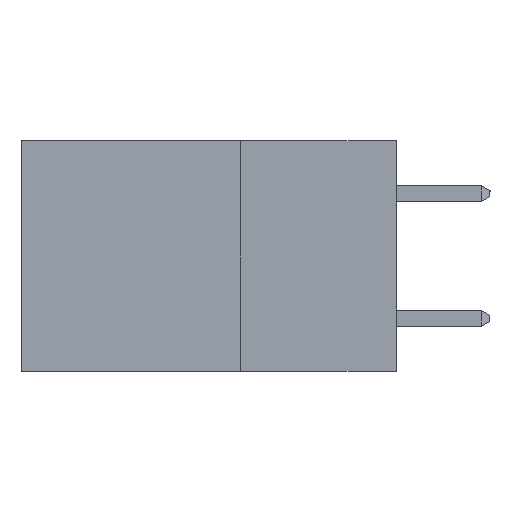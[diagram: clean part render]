
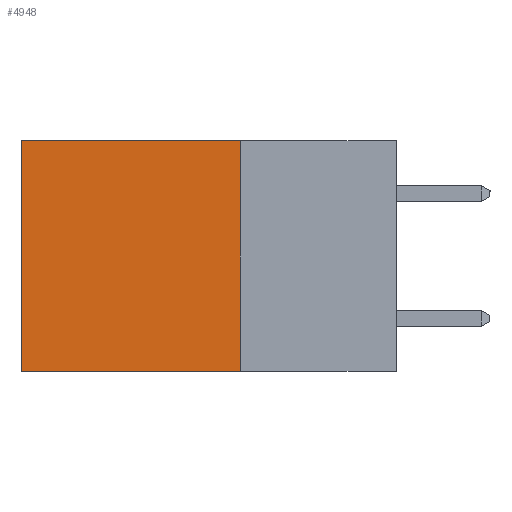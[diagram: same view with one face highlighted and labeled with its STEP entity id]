
A CAD part, left-side view. The second image highlights one B-rep face of the part: STEP entity #4948.
In plain terms, the highlighted planar face has unit normal (-1, 0, 0).
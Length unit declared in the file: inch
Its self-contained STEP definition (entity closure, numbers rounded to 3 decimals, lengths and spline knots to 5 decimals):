
#157 = VECTOR ( 'NONE', #627, 39.37008 ) ;
#563 = DIRECTION ( 'NONE',  ( 1., 0., 0. ) ) ;
#627 = DIRECTION ( 'NONE',  ( 0., 1., 0. ) ) ;
#778 = DIRECTION ( 'NONE',  ( 0., 1., 0. ) ) ;
#865 = CARTESIAN_POINT ( 'NONE',  ( 0.2615, 0.25, 0. ) ) ;
#1366 = VERTEX_POINT ( 'NONE', #3595 ) ;
#1425 = LINE ( 'NONE', #1510, #6006 ) ;
#1444 = LINE ( 'NONE', #4927, #157 ) ;
#1510 = CARTESIAN_POINT ( 'NONE',  ( 0.2615, 0.6, -0.37 ) ) ;
#1515 = EDGE_CURVE ( 'NONE', #6356, #8814, #7092, .T. ) ;
#1648 = VECTOR ( 'NONE', #7420, 39.37008 ) ;
#1949 = VERTEX_POINT ( 'NONE', #5081 ) ;
#2207 = DIRECTION ( 'NONE',  ( 0., 0., -1. ) ) ;
#2286 = EDGE_CURVE ( 'NONE', #6356, #1366, #3788, .T. ) ;
#2521 = EDGE_LOOP ( 'NONE', ( #5502, #5271, #5616, #5177 ) ) ;
#2944 = CARTESIAN_POINT ( 'NONE',  ( 0.2615, 0.25, -0.37 ) ) ;
#2984 = EDGE_CURVE ( 'NONE', #8814, #1949, #1444, .T. ) ;
#3346 = DIRECTION ( 'NONE',  ( 0., 0., -1. ) ) ;
#3518 = CARTESIAN_POINT ( 'NONE',  ( 0.2615, 0.25, -0.37 ) ) ;
#3595 = CARTESIAN_POINT ( 'NONE',  ( 0.2615, 0.6, 0. ) ) ;
#3788 = LINE ( 'NONE', #865, #7725 ) ;
#3927 = EDGE_CURVE ( 'NONE', #1366, #1949, #1425, .T. ) ;
#4243 = CARTESIAN_POINT ( 'NONE',  ( 0.2615, 0.25, 0. ) ) ;
#4927 = CARTESIAN_POINT ( 'NONE',  ( 0.2615, 0.25, -0.37 ) ) ;
#4948 = ADVANCED_FACE ( 'NONE', ( #5464 ), #8384, .F. ) ;
#5081 = CARTESIAN_POINT ( 'NONE',  ( 0.2615, 0.6, -0.37 ) ) ;
#5177 = ORIENTED_EDGE ( 'NONE', *, *, #2286, .T. ) ;
#5271 = ORIENTED_EDGE ( 'NONE', *, *, #2984, .F. ) ;
#5464 = FACE_OUTER_BOUND ( 'NONE', #2521, .T. ) ;
#5502 = ORIENTED_EDGE ( 'NONE', *, *, #3927, .T. ) ;
#5616 = ORIENTED_EDGE ( 'NONE', *, *, #1515, .F. ) ;
#6006 = VECTOR ( 'NONE', #2207, 39.37008 ) ;
#6158 = AXIS2_PLACEMENT_3D ( 'NONE', #3518, #563, #3346 ) ;
#6356 = VERTEX_POINT ( 'NONE', #4243 ) ;
#7092 = LINE ( 'NONE', #2944, #1648 ) ;
#7420 = DIRECTION ( 'NONE',  ( 0., 0., -1. ) ) ;
#7725 = VECTOR ( 'NONE', #778, 39.37008 ) ;
#7794 = CARTESIAN_POINT ( 'NONE',  ( 0.2615, 0.25, -0.37 ) ) ;
#8384 = PLANE ( 'NONE',  #6158 ) ;
#8814 = VERTEX_POINT ( 'NONE', #7794 ) ;

* * * * * * *

Although the records contain pictures, restate them word for word with those pictures left out.

[diagram: clean part render]
[diagram: same view with one face highlighted and labeled with its STEP entity id]
A CAD part, left-side view. The second image highlights one B-rep face of the part: STEP entity #4948.
In plain terms, the highlighted planar face has unit normal (-1, 0, 0).
Length unit declared in the file: inch
Its self-contained STEP definition (entity closure, numbers rounded to 3 decimals, lengths and spline knots to 5 decimals):
#157 = VECTOR ( 'NONE', #627, 39.37008 ) ;
#563 = DIRECTION ( 'NONE',  ( 1., 0., 0. ) ) ;
#627 = DIRECTION ( 'NONE',  ( 0., 1., 0. ) ) ;
#778 = DIRECTION ( 'NONE',  ( 0., 1., 0. ) ) ;
#865 = CARTESIAN_POINT ( 'NONE',  ( 0.2615, 0.25, 0. ) ) ;
#1366 = VERTEX_POINT ( 'NONE', #3595 ) ;
#1425 = LINE ( 'NONE', #1510, #6006 ) ;
#1444 = LINE ( 'NONE', #4927, #157 ) ;
#1510 = CARTESIAN_POINT ( 'NONE',  ( 0.2615, 0.6, -0.37 ) ) ;
#1515 = EDGE_CURVE ( 'NONE', #6356, #8814, #7092, .T. ) ;
#1648 = VECTOR ( 'NONE', #7420, 39.37008 ) ;
#1949 = VERTEX_POINT ( 'NONE', #5081 ) ;
#2207 = DIRECTION ( 'NONE',  ( 0., 0., -1. ) ) ;
#2286 = EDGE_CURVE ( 'NONE', #6356, #1366, #3788, .T. ) ;
#2521 = EDGE_LOOP ( 'NONE', ( #5502, #5271, #5616, #5177 ) ) ;
#2944 = CARTESIAN_POINT ( 'NONE',  ( 0.2615, 0.25, -0.37 ) ) ;
#2984 = EDGE_CURVE ( 'NONE', #8814, #1949, #1444, .T. ) ;
#3346 = DIRECTION ( 'NONE',  ( 0., 0., -1. ) ) ;
#3518 = CARTESIAN_POINT ( 'NONE',  ( 0.2615, 0.25, -0.37 ) ) ;
#3595 = CARTESIAN_POINT ( 'NONE',  ( 0.2615, 0.6, 0. ) ) ;
#3788 = LINE ( 'NONE', #865, #7725 ) ;
#3927 = EDGE_CURVE ( 'NONE', #1366, #1949, #1425, .T. ) ;
#4243 = CARTESIAN_POINT ( 'NONE',  ( 0.2615, 0.25, 0. ) ) ;
#4927 = CARTESIAN_POINT ( 'NONE',  ( 0.2615, 0.25, -0.37 ) ) ;
#4948 = ADVANCED_FACE ( 'NONE', ( #5464 ), #8384, .F. ) ;
#5081 = CARTESIAN_POINT ( 'NONE',  ( 0.2615, 0.6, -0.37 ) ) ;
#5177 = ORIENTED_EDGE ( 'NONE', *, *, #2286, .T. ) ;
#5271 = ORIENTED_EDGE ( 'NONE', *, *, #2984, .F. ) ;
#5464 = FACE_OUTER_BOUND ( 'NONE', #2521, .T. ) ;
#5502 = ORIENTED_EDGE ( 'NONE', *, *, #3927, .T. ) ;
#5616 = ORIENTED_EDGE ( 'NONE', *, *, #1515, .F. ) ;
#6006 = VECTOR ( 'NONE', #2207, 39.37008 ) ;
#6158 = AXIS2_PLACEMENT_3D ( 'NONE', #3518, #563, #3346 ) ;
#6356 = VERTEX_POINT ( 'NONE', #4243 ) ;
#7092 = LINE ( 'NONE', #2944, #1648 ) ;
#7420 = DIRECTION ( 'NONE',  ( 0., 0., -1. ) ) ;
#7725 = VECTOR ( 'NONE', #778, 39.37008 ) ;
#7794 = CARTESIAN_POINT ( 'NONE',  ( 0.2615, 0.25, -0.37 ) ) ;
#8384 = PLANE ( 'NONE',  #6158 ) ;
#8814 = VERTEX_POINT ( 'NONE', #7794 ) ;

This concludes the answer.